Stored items
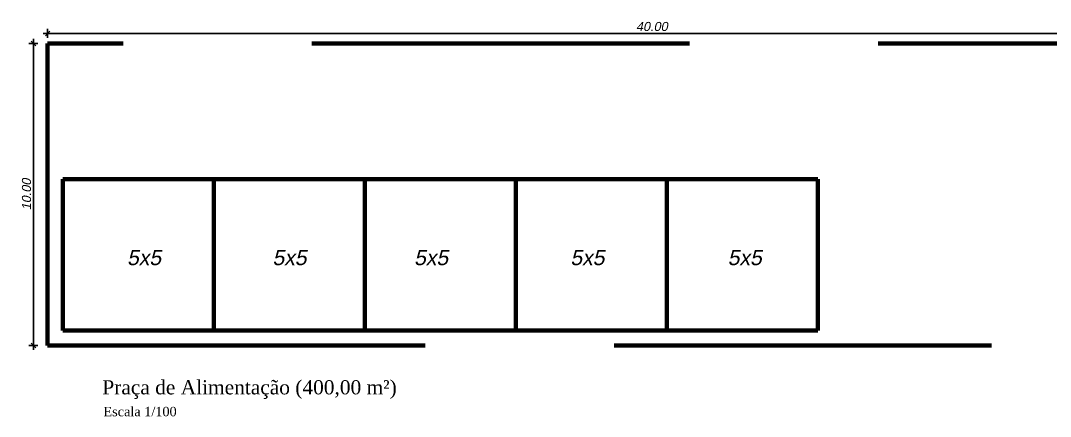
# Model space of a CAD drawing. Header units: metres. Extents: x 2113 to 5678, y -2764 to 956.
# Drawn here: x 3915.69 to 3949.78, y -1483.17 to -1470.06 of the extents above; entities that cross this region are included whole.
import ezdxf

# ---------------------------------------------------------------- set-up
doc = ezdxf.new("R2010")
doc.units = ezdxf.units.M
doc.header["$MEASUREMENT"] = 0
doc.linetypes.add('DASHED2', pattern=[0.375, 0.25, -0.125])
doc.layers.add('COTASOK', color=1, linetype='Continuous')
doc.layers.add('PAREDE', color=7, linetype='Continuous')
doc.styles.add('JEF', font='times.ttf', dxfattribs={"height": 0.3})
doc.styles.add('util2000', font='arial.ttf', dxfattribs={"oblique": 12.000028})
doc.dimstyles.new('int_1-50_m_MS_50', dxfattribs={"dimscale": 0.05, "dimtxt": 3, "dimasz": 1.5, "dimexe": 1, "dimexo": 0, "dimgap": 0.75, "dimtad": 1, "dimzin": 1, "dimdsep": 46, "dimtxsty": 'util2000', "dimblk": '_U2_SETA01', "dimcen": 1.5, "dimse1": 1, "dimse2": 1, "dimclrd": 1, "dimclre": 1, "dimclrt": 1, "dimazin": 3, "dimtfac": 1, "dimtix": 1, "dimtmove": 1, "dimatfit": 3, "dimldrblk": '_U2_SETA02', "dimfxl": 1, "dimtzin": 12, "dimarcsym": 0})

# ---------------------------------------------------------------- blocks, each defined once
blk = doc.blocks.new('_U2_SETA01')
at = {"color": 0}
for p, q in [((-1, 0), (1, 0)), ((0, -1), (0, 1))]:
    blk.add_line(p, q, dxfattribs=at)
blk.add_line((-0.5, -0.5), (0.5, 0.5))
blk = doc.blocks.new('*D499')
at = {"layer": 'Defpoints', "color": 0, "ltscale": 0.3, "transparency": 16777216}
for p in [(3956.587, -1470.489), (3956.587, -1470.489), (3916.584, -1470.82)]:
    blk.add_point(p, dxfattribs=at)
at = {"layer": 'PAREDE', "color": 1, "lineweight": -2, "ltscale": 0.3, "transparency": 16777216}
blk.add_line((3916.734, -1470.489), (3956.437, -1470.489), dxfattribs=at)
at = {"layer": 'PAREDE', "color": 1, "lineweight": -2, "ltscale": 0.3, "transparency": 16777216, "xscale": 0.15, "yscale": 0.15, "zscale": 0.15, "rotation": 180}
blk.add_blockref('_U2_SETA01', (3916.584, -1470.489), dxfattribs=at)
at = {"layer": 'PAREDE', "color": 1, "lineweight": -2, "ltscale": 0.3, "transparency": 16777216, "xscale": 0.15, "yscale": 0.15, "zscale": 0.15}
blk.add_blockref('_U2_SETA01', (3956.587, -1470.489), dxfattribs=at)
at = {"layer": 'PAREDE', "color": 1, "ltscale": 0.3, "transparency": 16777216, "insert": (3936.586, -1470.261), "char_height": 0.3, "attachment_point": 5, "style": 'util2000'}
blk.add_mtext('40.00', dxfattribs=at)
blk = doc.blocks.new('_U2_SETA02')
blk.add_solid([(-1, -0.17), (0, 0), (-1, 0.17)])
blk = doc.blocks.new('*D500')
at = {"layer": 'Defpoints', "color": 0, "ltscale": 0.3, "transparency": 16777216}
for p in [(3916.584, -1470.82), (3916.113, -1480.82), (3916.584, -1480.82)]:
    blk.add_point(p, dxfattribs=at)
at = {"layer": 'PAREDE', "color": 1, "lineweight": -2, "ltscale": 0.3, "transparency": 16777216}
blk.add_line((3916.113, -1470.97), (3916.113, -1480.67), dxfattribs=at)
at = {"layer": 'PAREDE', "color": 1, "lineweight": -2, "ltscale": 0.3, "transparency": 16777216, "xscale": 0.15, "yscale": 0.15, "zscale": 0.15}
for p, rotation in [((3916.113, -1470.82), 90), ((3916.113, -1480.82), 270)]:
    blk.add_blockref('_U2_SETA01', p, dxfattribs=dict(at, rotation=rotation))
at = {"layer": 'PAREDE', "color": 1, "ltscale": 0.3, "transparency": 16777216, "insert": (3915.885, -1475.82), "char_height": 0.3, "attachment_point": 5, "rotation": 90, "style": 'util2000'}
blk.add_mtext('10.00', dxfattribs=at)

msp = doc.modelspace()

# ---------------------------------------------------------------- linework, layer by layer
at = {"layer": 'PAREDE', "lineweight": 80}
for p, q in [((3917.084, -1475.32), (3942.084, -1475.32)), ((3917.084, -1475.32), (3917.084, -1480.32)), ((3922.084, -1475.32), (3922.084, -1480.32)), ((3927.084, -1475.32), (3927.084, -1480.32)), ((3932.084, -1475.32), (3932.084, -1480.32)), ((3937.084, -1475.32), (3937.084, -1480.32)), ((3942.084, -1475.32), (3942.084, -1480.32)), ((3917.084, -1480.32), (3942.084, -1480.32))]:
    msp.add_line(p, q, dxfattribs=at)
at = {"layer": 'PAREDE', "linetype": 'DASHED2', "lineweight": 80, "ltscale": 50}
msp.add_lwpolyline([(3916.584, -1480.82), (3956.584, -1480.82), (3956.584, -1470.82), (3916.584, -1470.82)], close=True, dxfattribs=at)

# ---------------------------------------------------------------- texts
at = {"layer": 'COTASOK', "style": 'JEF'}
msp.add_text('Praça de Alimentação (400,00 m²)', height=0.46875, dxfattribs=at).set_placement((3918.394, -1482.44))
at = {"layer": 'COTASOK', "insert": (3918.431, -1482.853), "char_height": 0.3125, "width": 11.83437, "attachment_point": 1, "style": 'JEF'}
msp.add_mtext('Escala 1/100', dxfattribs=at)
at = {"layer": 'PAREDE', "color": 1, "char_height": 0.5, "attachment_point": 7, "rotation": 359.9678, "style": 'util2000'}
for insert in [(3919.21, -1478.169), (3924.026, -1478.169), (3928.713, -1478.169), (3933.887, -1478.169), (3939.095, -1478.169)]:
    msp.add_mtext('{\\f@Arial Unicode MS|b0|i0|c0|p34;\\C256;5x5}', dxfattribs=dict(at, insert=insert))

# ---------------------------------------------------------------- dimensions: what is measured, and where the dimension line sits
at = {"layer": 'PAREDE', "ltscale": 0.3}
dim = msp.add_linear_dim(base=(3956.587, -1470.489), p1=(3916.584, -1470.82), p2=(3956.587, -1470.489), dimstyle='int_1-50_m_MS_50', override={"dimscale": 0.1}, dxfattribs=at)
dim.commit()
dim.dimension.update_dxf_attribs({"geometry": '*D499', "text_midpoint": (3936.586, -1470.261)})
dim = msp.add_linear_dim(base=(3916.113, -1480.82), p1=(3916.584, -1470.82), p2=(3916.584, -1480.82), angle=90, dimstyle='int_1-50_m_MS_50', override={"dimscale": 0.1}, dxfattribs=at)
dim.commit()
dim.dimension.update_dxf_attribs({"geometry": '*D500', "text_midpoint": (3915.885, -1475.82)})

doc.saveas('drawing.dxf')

• **Exercise**: The line above containing "each defined once", the line containing "p, dxfattribs=dict(at, rotation=rotation))", and every line between them are to be transcribed exactly; no other line is wanted.

• **Task result**:
# ---------------------------------------------------------------- blocks, each defined once
blk = doc.blocks.new('_U2_SETA01')
at = {"color": 0}
for p, q in [((-1, 0), (1, 0)), ((0, -1), (0, 1))]:
    blk.add_line(p, q, dxfattribs=at)
blk.add_line((-0.5, -0.5), (0.5, 0.5))
blk = doc.blocks.new('*D499')
at = {"layer": 'Defpoints', "color": 0, "ltscale": 0.3, "transparency": 16777216}
for p in [(3956.587, -1470.489), (3956.587, -1470.489), (3916.584, -1470.82)]:
    blk.add_point(p, dxfattribs=at)
at = {"layer": 'PAREDE', "color": 1, "lineweight": -2, "ltscale": 0.3, "transparency": 16777216}
blk.add_line((3916.734, -1470.489), (3956.437, -1470.489), dxfattribs=at)
at = {"layer": 'PAREDE', "color": 1, "lineweight": -2, "ltscale": 0.3, "transparency": 16777216, "xscale": 0.15, "yscale": 0.15, "zscale": 0.15, "rotation": 180}
blk.add_blockref('_U2_SETA01', (3916.584, -1470.489), dxfattribs=at)
at = {"layer": 'PAREDE', "color": 1, "lineweight": -2, "ltscale": 0.3, "transparency": 16777216, "xscale": 0.15, "yscale": 0.15, "zscale": 0.15}
blk.add_blockref('_U2_SETA01', (3956.587, -1470.489), dxfattribs=at)
at = {"layer": 'PAREDE', "color": 1, "ltscale": 0.3, "transparency": 16777216, "insert": (3936.586, -1470.261), "char_height": 0.3, "attachment_point": 5, "style": 'util2000'}
blk.add_mtext('40.00', dxfattribs=at)
blk = doc.blocks.new('_U2_SETA02')
blk.add_solid([(-1, -0.17), (0, 0), (-1, 0.17)])
blk = doc.blocks.new('*D500')
at = {"layer": 'Defpoints', "color": 0, "ltscale": 0.3, "transparency": 16777216}
for p in [(3916.584, -1470.82), (3916.113, -1480.82), (3916.584, -1480.82)]:
    blk.add_point(p, dxfattribs=at)
at = {"layer": 'PAREDE', "color": 1, "lineweight": -2, "ltscale": 0.3, "transparency": 16777216}
blk.add_line((3916.113, -1470.97), (3916.113, -1480.67), dxfattribs=at)
at = {"layer": 'PAREDE', "color": 1, "lineweight": -2, "ltscale": 0.3, "transparency": 16777216, "xscale": 0.15, "yscale": 0.15, "zscale": 0.15}
for p, rotation in [((3916.113, -1470.82), 90), ((3916.113, -1480.82), 270)]:
    blk.add_blockref('_U2_SETA01', p, dxfattribs=dict(at, rotation=rotation))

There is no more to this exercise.